Ощущения были действительно уникальные, очень сильные. Так много живописи я не видел давно. Не считаются, конечно, музеи и выставки. Там совсем другая история – многоголосие, многоликость, за которыми иногда исчезает индивидуальность.
Здесь иное. Огромные холсты. Но не гигантомания – кажется, живописи меньше быть не может. Иначе не работает, не звучит, не воздействует.
Я погружаюсь в удивительное пространство, выстроенное живописью. Вернее будет сказать – рожденное. Потому что его никто специально не строил. Оно возникло естественным образом, как вырастает лес.
Я будто иду по коридору, его стены состоят из картин, картины соединяются друг с другом, срастаются. Хорошо, иногда тепло, иногда прохладно. Цвета ласкают глаз – пурпурные, нежно-серые. Рука невольно тянется к поверхности, чтобы почувствовать ее упругость, мягкость, нежность. Включается физиология.
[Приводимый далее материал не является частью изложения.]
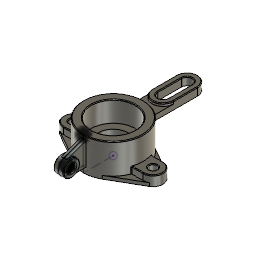
hw1 (Autodesk Fusion 360 design; units mm, degrees)
part number: 2026-08-05-10-36-34-167
Autodesk Fusion 360 part; units mm, degrees
sketch "스케치1" plane through (0, 0, 0) normal (0, 0, 1) x (1, 0, 0)
  circle A0 centre (0, 0) radius 45
  circle A1 centre (0, 0) radius 33
  circle A2 centre (0, 0) radius 22
  dimension "d3" = 90
  dimension "d9" = 66
  dimension "d10" = 44
  constraint concentric A0 A1
  constraint concentric A0 A2
  constraint coincident A0.centre A1.centre
  measures "d3" diameter of A0
  measures "d9" diameter of A1
  measures "d10" diameter of A2
sketch "스케치2" plane through (0, 0, 0) normal (0, 0, 1) x (1, 0, 0)
  line L0 (-8, 111) -> (-8, 75)
  arc A0 (-8, 75) -> (8, 75) centre (0, 75) ccw
  line L1 (8, 75) -> (8, 111)
  arc A1 (8, 111) -> (-8, 111) centre (0, 111) ccw
  line L2 (0, 111) -> (0, 75) construction
  line L3 (-16, 111) -> (-16, 75)
  arc A2 (-16, 75) -> (16, 75) centre (0, 75) ccw
  line L4 (16, 75) -> (16, 111)
  arc A3 (16, 111) -> (-16, 111) centre (0, 111) ccw
  line L5 (0, 111) -> (0, 75) construction
  line L6 (-16, 75) -> (-16, 42.0595)
  line L7 (16, 75) -> (16, 42.0595)
  circle A4 centre (0, 0) radius 45
  line L8 (0, 0) -> (0, 127) construction
  dimension "d15" = 16
  dimension "d16" = 32
  dimension "d17" = 36
  dimension "d18" = 75
  constraint tangent L0 A0
  constraint tangent A0 L1
  constraint parallel L0 L1
  constraint tangent L1 A1
  constraint tangent L0 A1
  constraint vertical L2
  constraint tangent L3 A2
  constraint tangent A2 L4
  constraint parallel L3 L4
  constraint tangent L4 A3
  constraint tangent L3 A3
  constraint parallel L1 L5
  constraint coincident A1.centre L2.start
  constraint coincident A0.centre L2.end
  constraint tangent A2 L6
  constraint tangent A2 L7
  constraint coincident L6.end A4
  constraint coincident L7.end A4
  constraint coincident A4.centre L8.start
  constraint midpoint A3 L8.end
  constraint vertical L8
  measures "d15" diameter of A0
  measures "d16" diameter of A2
  measures "d17" distance of A1.centre A0.centre
  measures "d18" distance of A0.centre A4.centre
extrude "돌출3" add sketch "스케치1" along normal blind 50 contours A0 makes body 1
extrude "돌출4" add sketch "스케치1" along normal blind 19 contours A1 bodies 1
extrude "돌출5" add sketch "스케치2" along normal blind 42 separate body contours L3 A2 L4 A3 makes body 2
extrude "돌출6" add sketch "스케치2" along normal blind 38 contours A2 L6 L7 A4 bodies 1 2
sketch "스케치3" plane through (0, 0, 0) normal (0, 0, 1) x (1, 0, 0)
  line L0 (-26, 36.7287) -> (-26, 127)
  line L1 (-26, 127) -> (26, 127)
  line L2 (26, 127) -> (26, 36.7287)
  circle A0 centre (0, 0) radius 45
  arc A1 (16, 111) -> (-16, 111) centre (0, 111) ccw
  line L3 (-16, 75) -> (-16, 42.0595)
  line L4 (16, 75) -> (16, 111)
  dimension "d26" = 10
  dimension "d27" = 10
  constraint vertical L0
  constraint perpendicular L0 L1
  constraint coincident L0.start A0
  constraint coincident L2.end A0
  constraint vertical L2
  constraint tangent L1 A1
  measures "d26" distance of L0 L3
  measures "d27" distance of L2 L4
extrude "돌출7" cut sketch "스케치3" along normal blind 30 contours L0 L1 L2 A0 bodies 1
sketch "스케치4" plane through (0, 0, 0) normal (0, 0, 1) x (1, 0, 0)
  line L0 (0, 0) -> (75, 0) construction
  circle A0 centre (60, 0) radius 6
  line L1 (42.4264, -15) -> (60, -15)
  line L2 (60, 15) -> (42.4264, 15)
  line L3 (60, -15) -> (60, 15) construction
  circle A1 centre (0, 0) radius 45
  arc A2 (60, -15) -> (60, 15) centre (60, 0) ccw
  line L4 (22.5, 38.9711) -> (67.5, 12.9904)
  line L5 (22.5, -38.9711) -> (67.5, -12.9904)
  dimension "d28" = 30
  dimension "d29" = 12
  dimension "d30" = 60
  constraint coincident L0.start A1.centre
  constraint horizontal L0
  constraint coincident A0.centre L0
  constraint coincident A0.centre A2.centre
  constraint horizontal L2
  constraint horizontal L1
  constraint coincident L1.end A2
  constraint coincident L2.start A2
  constraint perpendicular L0 L3
  constraint coincident A0.centre L3
  constraint coincident L1.end L3.start
  constraint coincident L2.start L3.end
  constraint coincident L2.end A1
  constraint coincident L1.start A1
  constraint tangent A2 L4
  constraint tangent A1 L4
  constraint coincident A1 L4.start
  constraint coincident A2 L4.end
  constraint tangent A2 L5
  constraint tangent A1 L5
  constraint coincident A1 L5.start
  constraint coincident A2 L5.end
  constraint coincident L0.end A2
  measures "d28" diameter of A2
  measures "d29" diameter of A0
  measures "d30" distance of A0.centre L0.start
extrude "돌출8" add sketch "스케치4" along normal blind 5 contours L2 A1 A2 L4 bodies 1
extrude "돌출9" add sketch "스케치4" along normal blind 5 contours L1 A1 A2 L5 bodies 1
extrude "돌출10" add sketch "스케치4" along normal blind 15 contours L1 L2 A1 A2 bodies 1
mirror "미러1" about plane through (0, 0, 0) normal (1, 0, 0) of "돌출9"
mirror "미러2" about plane through (0, 0, 0) normal (1, 0, 0) of "돌출10"
mirror "미러3" about plane through (0, 0, 0) normal (1, 0, 0) of "돌출8"
sketch "스케치5" plane through (0, 0, 0) normal (1, 0, 0) x (0, 1, 0)
  circle A0 centre (-70, 22) radius 12.5
  circle A1 centre (-70, 22) radius 7.5
  line L0 (-70, 9.5) -> (-45, 9.5)
  line L1 (-74.3101, 33.7334) -> (-45, 44.5)
  line L2 (0, 0) -> (-45, 0) construction
  line L3 (-45, 0) -> (-45, 9.5) construction
  line L4 (-45, 44.5) -> (-45, 50) construction
  line L5 (-45, 9.5) -> (-45, 44.5)
  dimension "d43" = 25
  dimension "d44" = 15
  dimension "d46" = 45
  dimension "d47" = 50
  dimension "d48" = 22
  dimension "d49" = 35
  dimension "d50" = 70
  constraint coincident A0.centre A1.centre
  constraint horizontal L0
  constraint tangent A0 L0
  constraint coincident A0 L0.start
  constraint coincident A0 L1.start
  constraint tangent A0 L1
  constraint coincident L2.start origin
  constraint horizontal L2
  constraint perpendicular L2 L3
  constraint coincident L1.end L3
  constraint parallel L3 L4
  measures "d43" diameter of A0
  measures "d44" diameter of A1
  measures "d46" distance of L2.start L2.end
  measures "d47" distance of L2.end L4.end
  measures "d48" vertical distance of L2.start A0.centre
  measures "d49" distance of L0 L1.end
  measures "d50" horizontal distance of L2.start A0.centre
extrude "돌출11" add sketch "스케치5" along normal mid plane 15 separate body contours A0 makes body 3
extrude "돌출12" add sketch "스케치5" along normal mid plane 8 separate body contours A0 L0 L1 L5 makes body 4
fillet "필렛1" radius 1 1 edges at (-42.4264, -15, 10) on bodies 1
fillet "필렛2" radius 1 1 edges at (-42.4264, 15, 10) on bodies 1
fillet "필렛3" radius 1 1 edges at (42.4264, 15, 10) on bodies 1
fillet "필렛4" radius 1 1 edges at (42.4264, -15, 10) on bodies 1
fillet "필렛5" radius 1 1 edges at (16, 42.0595, 34) on bodies 1
fillet "필렛6" radius 1 1 edges at (-16, 42.0595, 34) on bodies 1
fillet "필렛7" radius 1 1 edges at (-41.9547, -16.2727, 50) on bodies 1
fillet "필렛8" radius 1 1 edges at (-30.7668, 11.9333, 50) on bodies 1
fillet "필렛9" radius 1 4 edges at (16, 93, 42) (0, 127, 42) (-16, 93, 42) (0, 59, 42) on bodies 1
fillet "필렛10" radius 1 4 edges at (8, 93, 42) (0, 67, 42) (-8, 93, 42) (0, 119, 42) on bodies 1
fillet "필렛11" radius 1 5 edges at (42.5567, -15.1791, 15) (51.5639, -15, 15) (75, 0, 15) (51.5639, 15, 15) (42.5567, 15.1791, 15) on bodies 1
fillet "필렛12" radius 1 5 edges at (-42.5567, -15.1791, 15) (-51.5639, -15, 15) (-75, 0, 15) (-51.5639, 15, 15) (-42.5567, 15.1791, 15) on bodies 1
fillet "필렛13" radius 1 1 edges at (7.5, -81.6541, 17.4798) on bodies 3
fillet "필렛14" radius 1 1 edges at (-7.5, -81.6541, 26.5202) on bodies 3
fillet "필렛15" radius 1 1 edges at (-54.406, 2.1697, 0) on bodies 1
fillet "필렛16" radius 1 1 edges at (54.406, 2.1697, 0) on bodies 1
fillet "필렛17" radius 1 1 edges at (-54.406, 2.1697, 15) on bodies 1
fillet "필렛18" radius 1 1 edges at (54.406, 2.1697, 15) on bodies 1

Фархад Халилов. Композиция из цикла «Земные структуры». 2019
Часто спрашивают: «Что хотел сказать художник?» Да ничего он сказать не хотел! Он материализовывал то, что чувствовал, что живет у него внутри – в душе, в сердце, в руке, наконец. Банальная краска передает эти неуловимые внутренние движения. А мы, зрящие, глядящие и думающие, – вольны воспринимать результат художественных трудов каждый на свой лад. Или адекватно замыслу автора, или противоположно, с пониманием или без него.
Уверен, что в тот день авторскому замыслу мое восприятие было конгениально. Слово некрасивое, но хочется им воспользоваться, потому что в нем сверкает другое слово – «гений». Отсвет таланта художника. Как важно оказаться в нужное время и в нужном месте! Таким местом стала мастерская Фархада. Тут я увидел множество прекрасных картин и понял, как люблю живопись. Что я оказался идеальным потребителем такой живописи.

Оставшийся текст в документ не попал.